======== Given records ========

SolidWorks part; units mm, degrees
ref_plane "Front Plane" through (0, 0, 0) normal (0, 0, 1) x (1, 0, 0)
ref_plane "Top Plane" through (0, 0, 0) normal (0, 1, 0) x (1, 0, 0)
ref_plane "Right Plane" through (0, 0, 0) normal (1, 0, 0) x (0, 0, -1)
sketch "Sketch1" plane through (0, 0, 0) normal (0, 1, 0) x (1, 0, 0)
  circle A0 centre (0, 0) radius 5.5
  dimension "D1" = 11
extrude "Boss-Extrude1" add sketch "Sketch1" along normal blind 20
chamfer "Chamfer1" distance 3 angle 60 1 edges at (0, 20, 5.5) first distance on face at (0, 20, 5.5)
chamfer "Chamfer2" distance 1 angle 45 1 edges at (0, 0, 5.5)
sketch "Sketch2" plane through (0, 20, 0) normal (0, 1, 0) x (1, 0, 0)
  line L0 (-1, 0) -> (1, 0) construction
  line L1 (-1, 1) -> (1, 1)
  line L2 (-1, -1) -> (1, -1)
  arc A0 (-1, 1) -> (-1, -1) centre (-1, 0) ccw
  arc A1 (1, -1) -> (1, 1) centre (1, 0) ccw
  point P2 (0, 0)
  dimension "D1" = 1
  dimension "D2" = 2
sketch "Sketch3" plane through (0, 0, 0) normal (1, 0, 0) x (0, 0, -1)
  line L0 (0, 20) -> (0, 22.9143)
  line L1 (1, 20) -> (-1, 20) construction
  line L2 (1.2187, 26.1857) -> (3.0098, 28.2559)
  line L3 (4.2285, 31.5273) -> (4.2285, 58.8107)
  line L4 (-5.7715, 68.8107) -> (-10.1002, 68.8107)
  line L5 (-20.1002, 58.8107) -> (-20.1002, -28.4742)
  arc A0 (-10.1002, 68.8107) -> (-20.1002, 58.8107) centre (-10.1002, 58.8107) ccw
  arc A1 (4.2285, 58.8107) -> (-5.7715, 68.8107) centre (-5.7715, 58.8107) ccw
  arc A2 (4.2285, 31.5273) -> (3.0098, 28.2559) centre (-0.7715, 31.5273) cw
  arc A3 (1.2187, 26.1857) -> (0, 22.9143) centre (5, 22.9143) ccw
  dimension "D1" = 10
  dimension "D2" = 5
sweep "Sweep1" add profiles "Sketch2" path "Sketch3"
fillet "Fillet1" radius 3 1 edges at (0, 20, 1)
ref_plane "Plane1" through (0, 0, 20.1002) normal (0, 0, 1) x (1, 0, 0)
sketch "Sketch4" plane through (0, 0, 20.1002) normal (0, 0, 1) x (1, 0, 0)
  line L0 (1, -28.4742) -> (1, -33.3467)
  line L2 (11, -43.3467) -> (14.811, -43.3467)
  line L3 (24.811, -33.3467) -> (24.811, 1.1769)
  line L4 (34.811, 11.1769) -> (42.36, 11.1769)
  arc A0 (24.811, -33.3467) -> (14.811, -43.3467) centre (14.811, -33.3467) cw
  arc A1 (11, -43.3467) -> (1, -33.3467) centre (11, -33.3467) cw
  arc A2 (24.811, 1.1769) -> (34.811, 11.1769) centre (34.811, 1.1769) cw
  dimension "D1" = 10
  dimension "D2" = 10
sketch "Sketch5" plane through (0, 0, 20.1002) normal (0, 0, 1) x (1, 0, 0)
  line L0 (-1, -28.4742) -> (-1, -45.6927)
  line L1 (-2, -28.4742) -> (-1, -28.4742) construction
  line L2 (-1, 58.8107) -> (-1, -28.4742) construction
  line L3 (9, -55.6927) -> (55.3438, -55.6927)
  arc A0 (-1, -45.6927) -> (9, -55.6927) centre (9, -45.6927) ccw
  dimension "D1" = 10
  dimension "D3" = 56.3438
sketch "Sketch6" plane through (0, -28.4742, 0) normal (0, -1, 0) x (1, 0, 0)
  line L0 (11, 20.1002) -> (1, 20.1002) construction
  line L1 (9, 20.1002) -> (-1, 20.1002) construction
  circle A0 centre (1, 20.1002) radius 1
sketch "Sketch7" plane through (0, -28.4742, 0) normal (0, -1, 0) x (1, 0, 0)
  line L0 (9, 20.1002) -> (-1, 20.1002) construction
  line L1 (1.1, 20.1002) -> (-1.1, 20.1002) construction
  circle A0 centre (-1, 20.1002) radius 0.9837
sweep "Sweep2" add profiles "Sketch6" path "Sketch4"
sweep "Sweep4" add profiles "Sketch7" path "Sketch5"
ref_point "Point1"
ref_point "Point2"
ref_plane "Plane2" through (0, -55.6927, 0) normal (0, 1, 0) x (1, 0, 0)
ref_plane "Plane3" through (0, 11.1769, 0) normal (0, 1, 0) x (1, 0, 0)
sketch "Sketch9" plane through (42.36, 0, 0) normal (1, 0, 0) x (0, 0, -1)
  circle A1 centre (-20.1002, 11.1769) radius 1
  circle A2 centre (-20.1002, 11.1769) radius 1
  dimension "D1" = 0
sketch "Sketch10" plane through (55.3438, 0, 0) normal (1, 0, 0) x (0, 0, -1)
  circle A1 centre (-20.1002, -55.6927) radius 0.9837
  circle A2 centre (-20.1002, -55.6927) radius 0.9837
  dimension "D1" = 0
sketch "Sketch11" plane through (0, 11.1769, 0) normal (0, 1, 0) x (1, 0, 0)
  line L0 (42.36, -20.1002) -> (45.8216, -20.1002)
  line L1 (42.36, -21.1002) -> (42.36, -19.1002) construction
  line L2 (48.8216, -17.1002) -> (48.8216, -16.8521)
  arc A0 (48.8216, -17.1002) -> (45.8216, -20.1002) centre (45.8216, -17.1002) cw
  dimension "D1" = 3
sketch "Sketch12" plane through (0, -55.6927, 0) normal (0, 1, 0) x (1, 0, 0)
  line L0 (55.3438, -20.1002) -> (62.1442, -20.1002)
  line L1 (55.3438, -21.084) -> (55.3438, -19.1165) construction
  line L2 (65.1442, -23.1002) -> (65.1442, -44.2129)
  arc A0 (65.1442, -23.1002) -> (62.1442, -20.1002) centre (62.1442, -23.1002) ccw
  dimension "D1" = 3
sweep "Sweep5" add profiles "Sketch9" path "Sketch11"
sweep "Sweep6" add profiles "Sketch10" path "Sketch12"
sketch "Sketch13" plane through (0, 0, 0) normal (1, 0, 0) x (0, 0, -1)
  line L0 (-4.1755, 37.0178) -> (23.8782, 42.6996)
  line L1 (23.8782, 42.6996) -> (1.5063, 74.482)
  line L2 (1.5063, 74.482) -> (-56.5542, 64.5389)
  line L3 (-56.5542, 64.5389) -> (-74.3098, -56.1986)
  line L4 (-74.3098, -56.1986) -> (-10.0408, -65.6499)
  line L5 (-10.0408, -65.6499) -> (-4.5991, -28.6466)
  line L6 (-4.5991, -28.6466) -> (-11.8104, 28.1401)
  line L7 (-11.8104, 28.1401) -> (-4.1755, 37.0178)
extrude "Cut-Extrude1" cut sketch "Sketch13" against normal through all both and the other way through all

========

* _Exercise prompt_: When you reach the end of the records, set them all down again exactly.

* _Exercise result_:
SolidWorks part; units mm, degrees
ref_plane "Front Plane" through (0, 0, 0) normal (0, 0, 1) x (1, 0, 0)
ref_plane "Top Plane" through (0, 0, 0) normal (0, 1, 0) x (1, 0, 0)
ref_plane "Right Plane" through (0, 0, 0) normal (1, 0, 0) x (0, 0, -1)
sketch "Sketch1" plane through (0, 0, 0) normal (0, 1, 0) x (1, 0, 0)
  circle A0 centre (0, 0) radius 5.5
  dimension "D1" = 11
extrude "Boss-Extrude1" add sketch "Sketch1" along normal blind 20
chamfer "Chamfer1" distance 3 angle 60 1 edges at (0, 20, 5.5) first distance on face at (0, 20, 5.5)
chamfer "Chamfer2" distance 1 angle 45 1 edges at (0, 0, 5.5)
sketch "Sketch2" plane through (0, 20, 0) normal (0, 1, 0) x (1, 0, 0)
  line L0 (-1, 0) -> (1, 0) construction
  line L1 (-1, 1) -> (1, 1)
  line L2 (-1, -1) -> (1, -1)
  arc A0 (-1, 1) -> (-1, -1) centre (-1, 0) ccw
  arc A1 (1, -1) -> (1, 1) centre (1, 0) ccw
  point P2 (0, 0)
  dimension "D1" = 1
  dimension "D2" = 2
sketch "Sketch3" plane through (0, 0, 0) normal (1, 0, 0) x (0, 0, -1)
  line L0 (0, 20) -> (0, 22.9143)
  line L1 (1, 20) -> (-1, 20) construction
  line L2 (1.2187, 26.1857) -> (3.0098, 28.2559)
  line L3 (4.2285, 31.5273) -> (4.2285, 58.8107)
  line L4 (-5.7715, 68.8107) -> (-10.1002, 68.8107)
  line L5 (-20.1002, 58.8107) -> (-20.1002, -28.4742)
  arc A0 (-10.1002, 68.8107) -> (-20.1002, 58.8107) centre (-10.1002, 58.8107) ccw
  arc A1 (4.2285, 58.8107) -> (-5.7715, 68.8107) centre (-5.7715, 58.8107) ccw
  arc A2 (4.2285, 31.5273) -> (3.0098, 28.2559) centre (-0.7715, 31.5273) cw
  arc A3 (1.2187, 26.1857) -> (0, 22.9143) centre (5, 22.9143) ccw
  dimension "D1" = 10
  dimension "D2" = 5
sweep "Sweep1" add profiles "Sketch2" path "Sketch3"
fillet "Fillet1" radius 3 1 edges at (0, 20, 1)
ref_plane "Plane1" through (0, 0, 20.1002) normal (0, 0, 1) x (1, 0, 0)
sketch "Sketch4" plane through (0, 0, 20.1002) normal (0, 0, 1) x (1, 0, 0)
  line L0 (1, -28.4742) -> (1, -33.3467)
  line L2 (11, -43.3467) -> (14.811, -43.3467)
  line L3 (24.811, -33.3467) -> (24.811, 1.1769)
  line L4 (34.811, 11.1769) -> (42.36, 11.1769)
  arc A0 (24.811, -33.3467) -> (14.811, -43.3467) centre (14.811, -33.3467) cw
  arc A1 (11, -43.3467) -> (1, -33.3467) centre (11, -33.3467) cw
  arc A2 (24.811, 1.1769) -> (34.811, 11.1769) centre (34.811, 1.1769) cw
  dimension "D1" = 10
  dimension "D2" = 10
sketch "Sketch5" plane through (0, 0, 20.1002) normal (0, 0, 1) x (1, 0, 0)
  line L0 (-1, -28.4742) -> (-1, -45.6927)
  line L1 (-2, -28.4742) -> (-1, -28.4742) construction
  line L2 (-1, 58.8107) -> (-1, -28.4742) construction
  line L3 (9, -55.6927) -> (55.3438, -55.6927)
  arc A0 (-1, -45.6927) -> (9, -55.6927) centre (9, -45.6927) ccw
  dimension "D1" = 10
  dimension "D3" = 56.3438
sketch "Sketch6" plane through (0, -28.4742, 0) normal (0, -1, 0) x (1, 0, 0)
  line L0 (11, 20.1002) -> (1, 20.1002) construction
  line L1 (9, 20.1002) -> (-1, 20.1002) construction
  circle A0 centre (1, 20.1002) radius 1
sketch "Sketch7" plane through (0, -28.4742, 0) normal (0, -1, 0) x (1, 0, 0)
  line L0 (9, 20.1002) -> (-1, 20.1002) construction
  line L1 (1.1, 20.1002) -> (-1.1, 20.1002) construction
  circle A0 centre (-1, 20.1002) radius 0.9837
sweep "Sweep2" add profiles "Sketch6" path "Sketch4"
sweep "Sweep4" add profiles "Sketch7" path "Sketch5"
ref_point "Point1"
ref_point "Point2"
ref_plane "Plane2" through (0, -55.6927, 0) normal (0, 1, 0) x (1, 0, 0)
ref_plane "Plane3" through (0, 11.1769, 0) normal (0, 1, 0) x (1, 0, 0)
sketch "Sketch9" plane through (42.36, 0, 0) normal (1, 0, 0) x (0, 0, -1)
  circle A1 centre (-20.1002, 11.1769) radius 1
  circle A2 centre (-20.1002, 11.1769) radius 1
  dimension "D1" = 0
sketch "Sketch10" plane through (55.3438, 0, 0) normal (1, 0, 0) x (0, 0, -1)
  circle A1 centre (-20.1002, -55.6927) radius 0.9837
  circle A2 centre (-20.1002, -55.6927) radius 0.9837
  dimension "D1" = 0
sketch "Sketch11" plane through (0, 11.1769, 0) normal (0, 1, 0) x (1, 0, 0)
  line L0 (42.36, -20.1002) -> (45.8216, -20.1002)
  line L1 (42.36, -21.1002) -> (42.36, -19.1002) construction
  line L2 (48.8216, -17.1002) -> (48.8216, -16.8521)
  arc A0 (48.8216, -17.1002) -> (45.8216, -20.1002) centre (45.8216, -17.1002) cw
  dimension "D1" = 3
sketch "Sketch12" plane through (0, -55.6927, 0) normal (0, 1, 0) x (1, 0, 0)
  line L0 (55.3438, -20.1002) -> (62.1442, -20.1002)
  line L1 (55.3438, -21.084) -> (55.3438, -19.1165) construction
  line L2 (65.1442, -23.1002) -> (65.1442, -44.2129)
  arc A0 (65.1442, -23.1002) -> (62.1442, -20.1002) centre (62.1442, -23.1002) ccw
  dimension "D1" = 3
sweep "Sweep5" add profiles "Sketch9" path "Sketch11"
sweep "Sweep6" add profiles "Sketch10" path "Sketch12"
sketch "Sketch13" plane through (0, 0, 0) normal (1, 0, 0) x (0, 0, -1)
  line L0 (-4.1755, 37.0178) -> (23.8782, 42.6996)
  line L1 (23.8782, 42.6996) -> (1.5063, 74.482)
  line L2 (1.5063, 74.482) -> (-56.5542, 64.5389)
  line L3 (-56.5542, 64.5389) -> (-74.3098, -56.1986)
  line L4 (-74.3098, -56.1986) -> (-10.0408, -65.6499)
  line L5 (-10.0408, -65.6499) -> (-4.5991, -28.6466)
  line L6 (-4.5991, -28.6466) -> (-11.8104, 28.1401)
  line L7 (-11.8104, 28.1401) -> (-4.1755, 37.0178)
extrude "Cut-Extrude1" cut sketch "Sketch13" against normal through all both and the other way through all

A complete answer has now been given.